Em sua avaliação, no mundo ideal, os mecanismos de controle conseguiriam prevenir os problemas antes que eles acontecessem. Mas é impossível impedir que malfeitos ocorram nas empresas, especialmente quando a cultura de uma companhia é completamente voltada a resultados.
“No mundo real, a governança também serve para lidar com os problemas da melhor maneira possível e é isso que parece estar acontecendo”, diz Mazon. “Se a governança da Americanas estava dormindo antes, agora ela acordou.”
Enquanto começa a trabalhar para remediar a situação, a Americanas vai passar por dias difíceis pela frente. A CVM abriu dois processos administrativos para investigar a empresa.
Segundo Isac Costa, sócio do Warde Advogados e especialista em mercados de capitais, será preciso entender como se formou esse valor de R$ 20 bilhões que, de acordo com a empresa, é fruto de inconsistências em lançamentos contábeis na conta de fornecedores.

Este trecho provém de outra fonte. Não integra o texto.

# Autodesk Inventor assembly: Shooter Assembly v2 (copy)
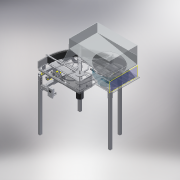
[picture p0: Inventor's stored thumbnail of the model, 180x180]
Saved by Autodesk Inventor 2013 (Build 170138000, 138)
## iProperties
Created: 2013-01-15
Part Number: Shooter Assembly v2 (copy)
Document SubType Name: Assembly
Designer: actoennies
Mass: 9112.82 g
Surface Area: 29351.4 cm^2
Volume: 4689.84 cm^3
Density: 1.9431 g/cm^3
Author: actoennies
## Documents named in this file (49)
- C:\Users\Arpan\Documents\GitHub\frc2013CAD\Launcher\Shooter\Shooter Assembly v2 (copy).iam
- C:\Users\Arpan\Documents\GitHub\frc2013CAD\Launcher\Shooter\Bearing Mount v1.ipt
- C:\Users\Arpan\Documents\GitHub\frc2013CAD\Launcher\Shooter\Outer Rail v1.ipt
- C:\Users\Arpan\Documents\GitHub\frc2013CAD\Launcher\Shooter\Runner Rails v2.ipt
- C:\Users\Arpan\Documents\GitHub\frc2013CAD\Launcher\Shooter\Bearing.ipt
- C:\Users\Arpan\Documents\GitHub\frc2013CAD\Launcher\Shooter\Shooter Mounter.ipt
- C:\Users\Arpan\Documents\GitHub\frc2013CAD\Launcher\Shooter\Bearing Mount 2 v1.ipt
- C:\Users\Arpan\Documents\GitHub\frc2013CAD\Launcher\Shooter\Shorter Shaft.ipt
- C:\Users\Arpan\Documents\GitHub\frc2013CAD\Launcher\Shooter\Spacer Rube.ipt
- C:\Users\Arpan\Documents\GitHub\frc2013CAD\Launcher\Shooter\Edge Mount.ipt
- C:\Users\Arpan\Documents\GitHub\frc2013CAD\Launcher\Shooter\Square Tube.ipt
- C:\Users\Arpan\Documents\GitHub\frc2013CAD\Launcher\Shooter\Flange Bearing Mount Tower.ipt
- C:\Users\Arpan\Documents\GitHub\frc2013CAD\Launcher\Shooter\Flange Bearing Mount Tower Mirror.ipt
- C:\Users\Arpan\Documents\GitHub\frc2013CAD\Launcher\Shooter\Bearing Mount Top.ipt
- C:\Users\Arpan\Documents\GitHub\frc2013CAD\Launcher\Shooter\Square Motor Mount.ipt
- C:\Users\Arpan\Documents\GitHub\frc2013CAD\Launcher\Shooter\Shooter Assembly v2\Design Accelerator\Spur Gears1.iam
- C:\Users\Arpan\Documents\GitHub\frc2013CAD\Launcher\Parts\Imported Components\Snow Blower Motor\Snow Blower Motor.iam
- C:\Users\Arpan\Documents\GitHub\frc2013CAD\Launcher\Shooter\Snowblower Motor Mount.ipt
- C:\Users\Arpan\Documents\GitHub\frc2013CAD\Launcher\Shooter\8mm shaft.ipt
- C:\Users\Arpan\Documents\GitHub\frc2013CAD\Launcher\Shooter\CIM Bearing.ipt
- C:\Users\Arpan\Documents\GitHub\frc2013CAD\Launcher\Shooter\Square Tube 2.ipt
- C:\Users\Arpan\Documents\GitHub\frc2013CAD\Launcher\Parts\CIM Motor\Motors_FR801-001.iam
- C:\Users\Arpan\Documents\GitHub\frc2013CAD\Launcher\Shooter\Cim Mount.ipt
- C:\Users\Arpan\Documents\GitHub\frc2013CAD\Launcher\Shooter\Camera Traffic Light Mount.ipt
- C:\Users\Arpan\Documents\GitHub\frc2013CAD\Launcher\Shooter\Square Tube 3.ipt
- C:\Users\Arpan\Documents\GitHub\frc2013CAD\Launcher\Shooter\edge mount shortened.ipt
- C:\Users\Arpan\Documents\GitHub\frc2013CAD\Launcher\Shooter\Camera.ipt
- C:\Users\Arpan\Documents\GitHub\frc2013CAD\Launcher\Shooter\Square Tube 6.ipt
- C:\Users\Arpan\Documents\GitHub\frc2013CAD\Launcher\Parts\NR-025_5-D(F,D-770).iam
- C:\Users\Arpan\Documents\GitHub\frc2013CAD\Launcher\Parts\Imported Components\E3-X-315-X-D-3-X\E3-X-315-X-D-3-X.ipt
- C:\Users\Arpan\Documents\GitHub\frc2013CAD\Launcher\Shooter\Gusset.ipt
- C:\Users\Arpan\Documents\GitHub\frc2013CAD\Launcher\Shooter\Gusset 2.ipt
- C:\Users\Arpan\Documents\GitHub\frc2013CAD\Launcher\Shooter\Gusset 3.ipt
- C:\Users\Arpan\Documents\GitHub\frc2013CAD\Launcher\Shooter\Gusset 4.ipt
- C:\Users\Arpan\Documents\GitHub\frc2013CAD\Launcher\Shooter\Inner Mount.ipt
- C:\Users\Arpan\Documents\GitHub\frc2013CAD\Launcher\Shooter\Gusset 5.ipt
- C:\Users\Arpan\Documents\GitHub\frc2013CAD\Launcher\Shooter\Hard Stop.ipt
- C:\Users\Arpan\Documents\GitHub\frc2013CAD\Launcher\Shooter\Gusset Connector 2.ipt
- C:\Users\Arpan\Documents\GitHub\frc2013CAD\Launcher\Shooter\L-Channel Strenght.ipt
- C:\Users\Arpan\Documents\GitHub\frc2013CAD\Launcher\Shooter\Gear for Angle.ipt
- C:\Users\Arpan\Documents\GitHub\frc2013CAD\Launcher\Shooter\Encoder Mount 2.ipt
- \\NNHSSRV2.hs.sd203.org\ACToennies$\Robotics\Shooter\Gear Plate.ipt
- \\NNHSSRV2.hs.sd203.org\ACToennies$\Robotics\Shooter\Gear Plate 2.ipt
- C:\Users\Arpan\Documents\GitHub\frc2013CAD\Launcher\Shooter\Wheel Shields.ipt
- C:\Users\Arpan\Documents\GitHub\frc2013CAD\Launcher\Shooter\Rubber Cushion.ipt
- \\NNHSSRV2.hs.sd203.org\ACToennies$\Inventor\Pneumatic Wheel.iam
- C:\Users\Arpan\Documents\GitHub\frc2013CAD\Launcher\Shooter\Puller Hook.ipt
- C:\Users\Arpan\Documents\GitHub\frc2013CAD\Launcher\Shooter\Bucketr.ipt
- C:\Users\Arpan\Documents\GitHub\frc2013CAD\Launcher\Shooter\Hopper.ipt
## Components (71 placed, 48 different names)
1. Bearing Mount v1:1 — Insert:13, Insert:26, Insert:27, Mate:62, Mate:63, Flush:70, Insert:60, Insert:61, Mate:167, Flush:128, Mate:255
2. Outer Rail v1:1 — Insert:13, Insert:48, Flush:70, Mate:252
3. Runner Rails v2:1 — Insert:60, Insert:61, Angle:16, Mate:257, Mate:258, Mate:259, Flush:130, Flush:131
4. Shooter Mounter:1 — Insert:26, Insert:27, Insert:34, Flush:11, Insert:35, Insert:36, Insert:37, Insert:38, Flush:19, Mate:45, Flush:40, Flush:64, Angle:6, Angle:8, Mate:226, Flush:114, Flush:115, Mate:229, Mate:230, Flush:116, Mate:232, Flush:117, Mate:238, Mate:246, Angle:15, Mate:247, Mate:248, Mate:249, Flush:124
5. Spacer Rube:1 — Insert:34, Flush:11
6. Bearing Mount 2 v1:1 — Insert:37, Insert:38, Insert:40
7. Bearing Mount 2 v1:2 — Insert:35, Insert:36, Insert:39
8. Bearing:3 — Insert:40, Flush:13, Mate:14, Mate:15
9. Bearing:4 — Insert:39, Mate:36, Mate:44
10. Shorter Shaft:2 — Flush:13, Mate:14, Mate:15, Mate:38
11. Edge Mount:2 — Flush:34, Mate:104, Flush:48, Mate:106, Flush:68, Mate:174, Flush:74, Mate:220, Mate:222
12. Square Tube:2 — Flush:19, Flush:23, Mate:52, Flush:27, Mate:81, Flush:32, Mate:125, Mate:126, Mate:130, Flush:50, Angle:8, Mate:192, Flush:83, Mate:217, Flush:103, Flush:112, Insert:71, Insert:72
13. Flange Bearing Mount Tower:1 — Insert:43, Flush:112, Flush:113
14. Bearing:5 — Insert:43, Mate:36
15. Flange Bearing Mount Tower Mirror:1 — Flush:55, Mate:135, Flush:111, Insert:70
16. Bearing:6 — Mate:38, Insert:70
17. Bearing Mount Top:1 — Insert:48, Mate:65, Mate:66, Mate:253, Tangent:1
18. Square Motor Mount:1 — Flush:23, Mate:47, Mate:51, Flush:27, Mate:131, Mate:197, Mate:198, Flush:86, Flush:96, Flush:106
19. Spur Gears:1 [sub-assembly] — Mate:44, Mate:45, Flush:25, Mate:46, Angle:2, Flush:64, Angle:6, Mate:227, Mate:228, Mate:231, Mate:233, Flush:120, Mate:239, Flush:122
20. Snow Blower Motor:1 [sub-assembly] — Flush:25, Mate:46, Angle:2, Insert:81, Insert:82, Mate:245
21. Snowblower Motor Mount:1 — Mate:47, Mate:51, Mate:52, Mate:240, Insert:76, Insert:78, Insert:79, Insert:81, Insert:82, Mate:241, Mate:242, Mate:243, Mate:244
22. 8mm shaft:1 — Mate:67, Mate:82, Mate:83, Mate:84, Mate:86, Mate:167, Mate:254
23. CIM Bearing:1 — Mate:65, Mate:66, Mate:67
24. CIM Bearing:2 — Mate:62, Mate:63
25. Square Tube 2:1 — Mate:81, Flush:32, Flush:34, Mate:106, Mate:124, Flush:49, Mate:126, Mate:173, Mate:186, Flush:80, Mate:193, Mate:216, Mate:219, Flush:104, Flush:111, Flush:113
26. Motors_FR801-001:1 [sub-assembly] — Mate:82, Mate:83, Mate:84, Mate:143, Mate:144, Mate:145
27. Cim Mount:1 — Flush:40, Mate:143, Mate:144, Mate:145
28. Camera Traffic Light Mount:1 — Mate:127, Mate:128, Mate:129, Insert:83, Insert:84
29. Square Tube 3:1 — Mate:104, Flush:48, Flush:55, Mate:135, Mate:173, Mate:174, Flush:74, Mate:175, Mate:187, Mate:206, Flush:90, Mate:221, Flush:105, Flush:110
30. edge mount shortened:1 — Mate:124, Mate:125, Flush:49, Mate:196, Flush:85, Mate:215, Flush:102, Mate:218, Mate:223, Flush:107
31. Camera:1 — Mate:127, Mate:128, Mate:129
32. Edge Mount:3 — Mate:130, Mate:131, Flush:50, Mate:199, Mate:209, Flush:97, Mate:212, Mate:260, Mate:261
33. Square Tube 6:1 — Mate:175, Flush:91, Mate:207, Flush:93, Mate:208, Flush:94, Flush:95, Flush:110, Mate:224, Insert:73, Insert:74
34. NR-025_5-D(F,D-770):1 [sub-assembly] — Mate:246, Angle:15, Mate:247, Mate:256, Flush:129
35. Gusset:3 — Mate:186, Flush:80, Mate:187
36. Gusset:4 — Mate:196, Mate:197, Flush:85
37. Gusset:5 — Mate:192, Mate:193, Flush:83
38. Gusset:8 — Mate:198, Mate:199, Flush:86
39. Gusset 2:1 — Mate:206, Flush:90, Flush:91
40. Gusset 3:2 — Mate:209, Flush:96, Flush:97
41. Gusset 3:3 — Mate:208, Flush:94, Flush:95, Flush:108
42. Gusset 3:4 — Mate:207, Flush:93, Mate:225
43. Gusset 4:1 — Mate:212, Mate:260, Mate:261, Insert:83, Insert:84
44. Gusset 4:2
45. Gusset 4:3 — Mate:217, Mate:218, Flush:103
46. Gusset 4:4 — Mate:215, Flush:102, Mate:216
47. Gusset 4:5 — Mate:219, Mate:220, Flush:104
48. Gusset 4:6 — Mate:221, Mate:222, Flush:105
49. Gusset 3:5 — Mate:223, Flush:106, Flush:107
50. Inner Mount:1 — Flush:108, Mate:224, Mate:225
51. Gusset 5:1 — Flush:115, Mate:228, Mate:229
52. Gusset 5:2 — Mate:226, Mate:227, Flush:114
53. Gusset 5:3 — Mate:230, Mate:231, Flush:116
54. Gusset 5:4 — Mate:232, Mate:233, Flush:117
55. Hard Stop:1 — Insert:71, Insert:72
56. Gusset Connector 2:1 — Insert:73, Insert:74
57. L-Channel Strenght:1 — Mate:238, Mate:248, Mate:249, Mate:250, Flush:125
58. Gear for Angle:1 — Flush:120, Mate:239, Mate:240, Flush:121
59. CIM Bearing:3 — Insert:76, Insert:77
60. 8mm shaft:2 — Insert:77, Flush:121
61. E3-X-315-X-D-3-X:2 — Insert:80, Angle:14
62. Encoder Mount 2:1 — Insert:78, Insert:79, Insert:80, Angle:14
63. Gear Plate:1 — Mate:241, Mate:242, Flush:122, Flush:123
64. Gear Plate 2:1 — Mate:243, Mate:244, Flush:123
65. Wheel Shields:1 — Mate:250, Flush:124, Flush:125, Mate:251, Flush:126, Flush:127
66. Wheel Shields:2 — Mate:251, Flush:126, Flush:127, Angle:17
67. Rubber Cushion:1 — Mate:252, Mate:253, Flush:128
68. Pneumatic Wheel:1 [sub-assembly] — Mate:254, Mate:255
69. Puller Hook:1 — Mate:256, Flush:129, Angle:16
70. Bucketr:1 — Mate:257, Tangent:1, Mate:258, Angle:17
71. Hopper:1 — Mate:259, Flush:130, Flush:131
## Relationships (185: Mate 94, Flush 55, Insert 28, Angle 7, Tangent 1)
- Insert:13: Bearing Mount v1:1 ↔ Outer Rail v1:1
- Insert:26: Bearing Mount v1:1 ↔ Shooter Mounter:1
- Insert:27: Bearing Mount v1:1 ↔ Shooter Mounter:1
- Insert:34: Shooter Mounter:1 ↔ Spacer Rube:1
- Flush:11: Shooter Mounter:1 ↔ Spacer Rube:1
- Insert:35: Shooter Mounter:1 ↔ Bearing Mount 2 v1:2
- Insert:36: Shooter Mounter:1 ↔ Bearing Mount 2 v1:2
- Insert:37: Shooter Mounter:1 ↔ Bearing Mount 2 v1:1
- Insert:38: Shooter Mounter:1 ↔ Bearing Mount 2 v1:1
- Insert:39: Bearing Mount 2 v1:2 ↔ Bearing:4
- Insert:40: Bearing Mount 2 v1:1 ↔ Bearing:3
- Flush:13 (-25.4 mm): Bearing:3 ↔ Shorter Shaft:2
- Mate:14: Bearing:3 ↔ Shorter Shaft:2
- Mate:15: Bearing:3 ↔ Shorter Shaft:2
- Insert:43: Flange Bearing Mount Tower:1 ↔ Bearing:5
- Flush:19: Shooter Mounter:1 ↔ Square Tube:2
- Mate:36: Bearing:4 ↔ Bearing:5
- Mate:38: Shorter Shaft:2 ↔ Bearing:6
- Insert:48 (12.7 mm): Outer Rail v1:1 ↔ Bearing Mount Top:1
- Flush:23 (152.4 mm): Square Tube:2 ↔ Square Motor Mount:1
- Mate:44: Bearing:4 ↔ Spur Gears:1
- Mate:45 (25.4 mm): Shooter Mounter:1 ↔ Spur Gears:1
- Flush:25 (-3.175 mm): Spur Gears:1 ↔ Snow Blower Motor:1
- Mate:46: Spur Gears:1 ↔ Snow Blower Motor:1
- Angle:2 (0 deg): Spur Gears:1 ↔ Snow Blower Motor:1
- Mate:47: Square Motor Mount:1 ↔ Snowblower Motor Mount:1
- Mate:51: Square Motor Mount:1 ↔ Snowblower Motor Mount:1
- Mate:52: Square Tube:2 ↔ Snowblower Motor Mount:1
- Flush:27: Square Tube:2 ↔ Square Motor Mount:1
- Mate:62: Bearing Mount v1:1 ↔ CIM Bearing:2
- Mate:63: Bearing Mount v1:1 ↔ CIM Bearing:2
- Mate:65: Bearing Mount Top:1 ↔ CIM Bearing:1
- Mate:66: Bearing Mount Top:1 ↔ CIM Bearing:1
- Mate:67: 8mm shaft:1 ↔ CIM Bearing:1
- Mate:81: Square Tube:2 ↔ Square Tube 2:1
- Flush:32: Square Tube:2 ↔ Square Tube 2:1
- Flush:34: Edge Mount:2 ↔ Square Tube 2:1
- Mate:82: 8mm shaft:1 ↔ Motors_FR801-001:1
- Mate:83: 8mm shaft:1 ↔ Motors_FR801-001:1
- Mate:84: 8mm shaft:1 ↔ Motors_FR801-001:1
- Mate:86: 8mm shaft:1
- Flush:40: Shooter Mounter:1 ↔ Cim Mount:1
- Mate:104: Edge Mount:2 ↔ Square Tube 3:1
- Flush:48: Edge Mount:2 ↔ Square Tube 3:1
- Mate:106: Edge Mount:2 ↔ Square Tube 2:1
- Mate:124: Square Tube 2:1 ↔ edge mount shortened:1
- Mate:125: Square Tube:2 ↔ edge mount shortened:1
- Flush:49: Square Tube 2:1 ↔ edge mount shortened:1
- Mate:126: Square Tube:2 ↔ Square Tube 2:1
- Mate:127: Camera Traffic Light Mount:1 ↔ Camera:1
- Mate:128: Camera Traffic Light Mount:1 ↔ Camera:1
- Mate:129: Camera Traffic Light Mount:1 ↔ Camera:1
- Mate:130: Square Tube:2 ↔ Edge Mount:3
- Mate:131: Square Motor Mount:1 ↔ Edge Mount:3
- Flush:50: Square Tube:2 ↔ Edge Mount:3
- Flush:55: Flange Bearing Mount Tower Mirror:1 ↔ Square Tube 3:1
- Mate:135: Flange Bearing Mount Tower Mirror:1 ↔ Square Tube 3:1
- Mate:143: Motors_FR801-001:1 ↔ Cim Mount:1
- Mate:144: Motors_FR801-001:1 ↔ Cim Mount:1
- Mate:145: Motors_FR801-001:1 ↔ Cim Mount:1
- Flush:64 (3.175 mm): Shooter Mounter:1 ↔ Spur Gears:1
- Flush:68 (-950.9125 mm): Edge Mount:2
- Flush:70: Bearing Mount v1:1 ↔ Outer Rail v1:1
- Insert:60: Bearing Mount v1:1 ↔ Runner Rails v2:1
- Insert:61: Bearing Mount v1:1 ↔ Runner Rails v2:1
- Angle:6 (180 deg): Shooter Mounter:1 ↔ Spur Gears:1
- Mate:167: Bearing Mount v1:1 ↔ 8mm shaft:1
- Angle:8 (180 deg): Shooter Mounter:1 ↔ Square Tube:2
- Mate:173: Square Tube 2:1 ↔ Square Tube 3:1
- Mate:174: Edge Mount:2 ↔ Square Tube 3:1
- Flush:74: Edge Mount:2 ↔ Square Tube 3:1
- Mate:175: Square Tube 3:1 ↔ Square Tube 6:1
- Mate:186: Square Tube 2:1 ↔ Gusset:3
- Flush:80: Square Tube 2:1 ↔ Gusset:3
- Mate:187: Square Tube 3:1 ↔ Gusset:3
- Mate:192: Square Tube:2 ↔ Gusset:5
- Mate:193: Square Tube 2:1 ↔ Gusset:5
- Flush:83: Square Tube:2 ↔ Gusset:5
- Mate:196: edge mount shortened:1 ↔ Gusset:4
- Mate:197: Square Motor Mount:1 ↔ Gusset:4
- Flush:85: edge mount shortened:1 ↔ Gusset:4
- Mate:198: Square Motor Mount:1 ↔ Gusset:8
- Mate:199: Edge Mount:3 ↔ Gusset:8
- Flush:86: Square Motor Mount:1 ↔ Gusset:8
- Mate:206: Square Tube 3:1 ↔ Gusset 2:1
- Flush:90: Square Tube 3:1 ↔ Gusset 2:1
- Flush:91: Square Tube 6:1 ↔ Gusset 2:1
- Mate:207: Square Tube 6:1 ↔ Gusset 3:4
- Flush:93: Square Tube 6:1 ↔ Gusset 3:4
- Mate:208: Square Tube 6:1 ↔ Gusset 3:3
- Flush:94: Square Tube 6:1 ↔ Gusset 3:3
- Flush:95: Square Tube 6:1 ↔ Gusset 3:3
- Mate:209: Edge Mount:3 ↔ Gusset 3:2
- Flush:96: Square Motor Mount:1 ↔ Gusset 3:2
- Flush:97: Edge Mount:3 ↔ Gusset 3:2
- Mate:212: Edge Mount:3 ↔ Gusset 4:1
- Mate:215: edge mount shortened:1 ↔ Gusset 4:4
- Flush:102: edge mount shortened:1 ↔ Gusset 4:4
- Mate:216: Square Tube 2:1 ↔ Gusset 4:4
- Mate:217: Square Tube:2 ↔ Gusset 4:3
- Mate:218: edge mount shortened:1 ↔ Gusset 4:3
- Flush:103: Square Tube:2 ↔ Gusset 4:3
- Mate:219: Square Tube 2:1 ↔ Gusset 4:5
- Mate:220: Edge Mount:2 ↔ Gusset 4:5
- Flush:104: Square Tube 2:1 ↔ Gusset 4:5
- Mate:221: Square Tube 3:1 ↔ Gusset 4:6
- Mate:222: Edge Mount:2 ↔ Gusset 4:6
- Flush:105: Square Tube 3:1 ↔ Gusset 4:6
- Mate:223: edge mount shortened:1 ↔ Gusset 3:5
- Flush:106: Square Motor Mount:1 ↔ Gusset 3:5
- Flush:107: edge mount shortened:1 ↔ Gusset 3:5
- Flush:108: Gusset 3:3 ↔ Inner Mount:1
- Flush:110: Square Tube 3:1 ↔ Square Tube 6:1
- Mate:224: Square Tube 6:1 ↔ Inner Mount:1
- Mate:225: Gusset 3:4 ↔ Inner Mount:1
- Flush:111: Flange Bearing Mount Tower Mirror:1 ↔ Square Tube 2:1
- Flush:112: Square Tube:2 ↔ Flange Bearing Mount Tower:1
- Flush:113: Flange Bearing Mount Tower:1 ↔ Square Tube 2:1
- Insert:70: Flange Bearing Mount Tower Mirror:1 ↔ Bearing:6
- Mate:226: Shooter Mounter:1 ↔ Gusset 5:2
- Mate:227: Spur Gears:1 ↔ Gusset 5:2
- Flush:114: Shooter Mounter:1 ↔ Gusset 5:2
- Flush:115: Shooter Mounter:1 ↔ Gusset 5:1
- Mate:228: Spur Gears:1 ↔ Gusset 5:1
- Mate:229: Shooter Mounter:1 ↔ Gusset 5:1
- Mate:230: Shooter Mounter:1 ↔ Gusset 5:3
- Mate:231: Spur Gears:1 ↔ Gusset 5:3
- Flush:116: Shooter Mounter:1 ↔ Gusset 5:3
- Mate:232: Shooter Mounter:1 ↔ Gusset 5:4
- Mate:233: Spur Gears:1 ↔ Gusset 5:4
- Flush:117: Shooter Mounter:1 ↔ Gusset 5:4
- Insert:71: Square Tube:2 ↔ Hard Stop:1
- Insert:72: Square Tube:2 ↔ Hard Stop:1
- Insert:73: Square Tube 6:1 ↔ Gusset Connector 2:1
- Insert:74: Square Tube 6:1 ↔ Gusset Connector 2:1
- Mate:238: Shooter Mounter:1 ↔ L-Channel Strenght:1
- Flush:120: Spur Gears:1 ↔ Gear for Angle:1
- Mate:239 (304.8 mm): Spur Gears:1 ↔ Gear for Angle:1
- Mate:240: Snowblower Motor Mount:1 ↔ Gear for Angle:1
- Insert:76: Snowblower Motor Mount:1 ↔ CIM Bearing:3
- Insert:77 (-3.175 mm): CIM Bearing:3 ↔ 8mm shaft:2
- Flush:121: Gear for Angle:1 ↔ 8mm shaft:2
- Insert:78: Snowblower Motor Mount:1 ↔ Encoder Mount 2:1
- Insert:79: Snowblower Motor Mount:1 ↔ Encoder Mount 2:1
- Insert:80: E3-X-315-X-D-3-X:2 ↔ Encoder Mount 2:1
- Angle:14 (180 deg): E3-X-315-X-D-3-X:2 ↔ Encoder Mount 2:1
- Insert:81: Snow Blower Motor:1 ↔ Snowblower Motor Mount:1
- Insert:82: Snow Blower Motor:1 ↔ Snowblower Motor Mount:1
- Mate:241: Snowblower Motor Mount:1 ↔ Gear Plate:1
- Mate:242: Snowblower Motor Mount:1 ↔ Gear Plate:1
- Flush:122 (-4.7625 mm): Spur Gears:1 ↔ Gear Plate:1
- Mate:243: Snowblower Motor Mount:1 ↔ Gear Plate 2:1
- Mate:244: Snowblower Motor Mount:1 ↔ Gear Plate 2:1
- Flush:123: Gear Plate:1 ↔ Gear Plate 2:1
- Mate:245: Snow Blower Motor:1
- Mate:246: Shooter Mounter:1 ↔ NR-025_5-D(F,D-770):1
- Angle:15 (180 deg): Shooter Mounter:1 ↔ NR-025_5-D(F,D-770):1
- Mate:247: Shooter Mounter:1 ↔ NR-025_5-D(F,D-770):1
- Mate:248: Shooter Mounter:1 ↔ L-Channel Strenght:1
- Mate:249: Shooter Mounter:1 ↔ L-Channel Strenght:1
- Mate:250: L-Channel Strenght:1 ↔ Wheel Shields:1
- Flush:124: Shooter Mounter:1 ↔ Wheel Shields:1
- Flush:125: L-Channel Strenght:1 ↔ Wheel Shields:1
- Mate:251: Wheel Shields:1 ↔ Wheel Shields:2
- Flush:126: Wheel Shields:1 ↔ Wheel Shields:2
- Flush:127: Wheel Shields:1 ↔ Wheel Shields:2
- Mate:252: Outer Rail v1:1 ↔ Rubber Cushion:1
- Mate:253 (12.7 mm): Bearing Mount Top:1 ↔ Rubber Cushion:1
- Flush:128 (6.35 mm): Bearing Mount v1:1 ↔ Rubber Cushion:1
- Mate:254: 8mm shaft:1 ↔ Pneumatic Wheel:1
- Mate:255 (12.7 mm): Bearing Mount v1:1 ↔ Pneumatic Wheel:1
- Mate:256: NR-025_5-D(F,D-770):1 ↔ Puller Hook:1
- Flush:129 (6.35 mm): NR-025_5-D(F,D-770):1 ↔ Puller Hook:1
- Angle:16 (180 deg): Runner Rails v2:1 ↔ Puller Hook:1
- Mate:257: Runner Rails v2:1 ↔ Bucketr:1
- Tangent:1: Bearing Mount Top:1 ↔ Bucketr:1
- Mate:258: Runner Rails v2:1 ↔ Bucketr:1
- Angle:17 (0 deg): Wheel Shields:2 ↔ Bucketr:1
- Mate:259: Runner Rails v2:1 ↔ Hopper:1
- Flush:130 (25.4 mm): Runner Rails v2:1 ↔ Hopper:1
- Flush:131: Runner Rails v2:1 ↔ Hopper:1
- Mate:260: Edge Mount:3 ↔ Gusset 4:1
- Mate:261: Edge Mount:3 ↔ Gusset 4:1
- Insert:83: Camera Traffic Light Mount:1 ↔ Gusset 4:1
- Insert:84: Camera Traffic Light Mount:1 ↔ Gusset 4:1

“As normas contábeis autorizam certa margem de discricionariedade, mas exigem que as informações fornecidas reflitam a realidade econômica das companhias”, afirma.
Os responsáveis poderão responder na CVM por falharem com suas obrigações fiduciárias e estarão sujeitos a pagar uma multa. Em casos mais graves, com a comprovação de intenção fraudulenta, eles podem ficar inabilitados a comandarem companhias de capital aberto por um prazo de até 20 anos.
Até o fim da quinta-feira, 12 de janeiro, dois processos administrativos sobre o caso Americanas estavam abertos na CVM.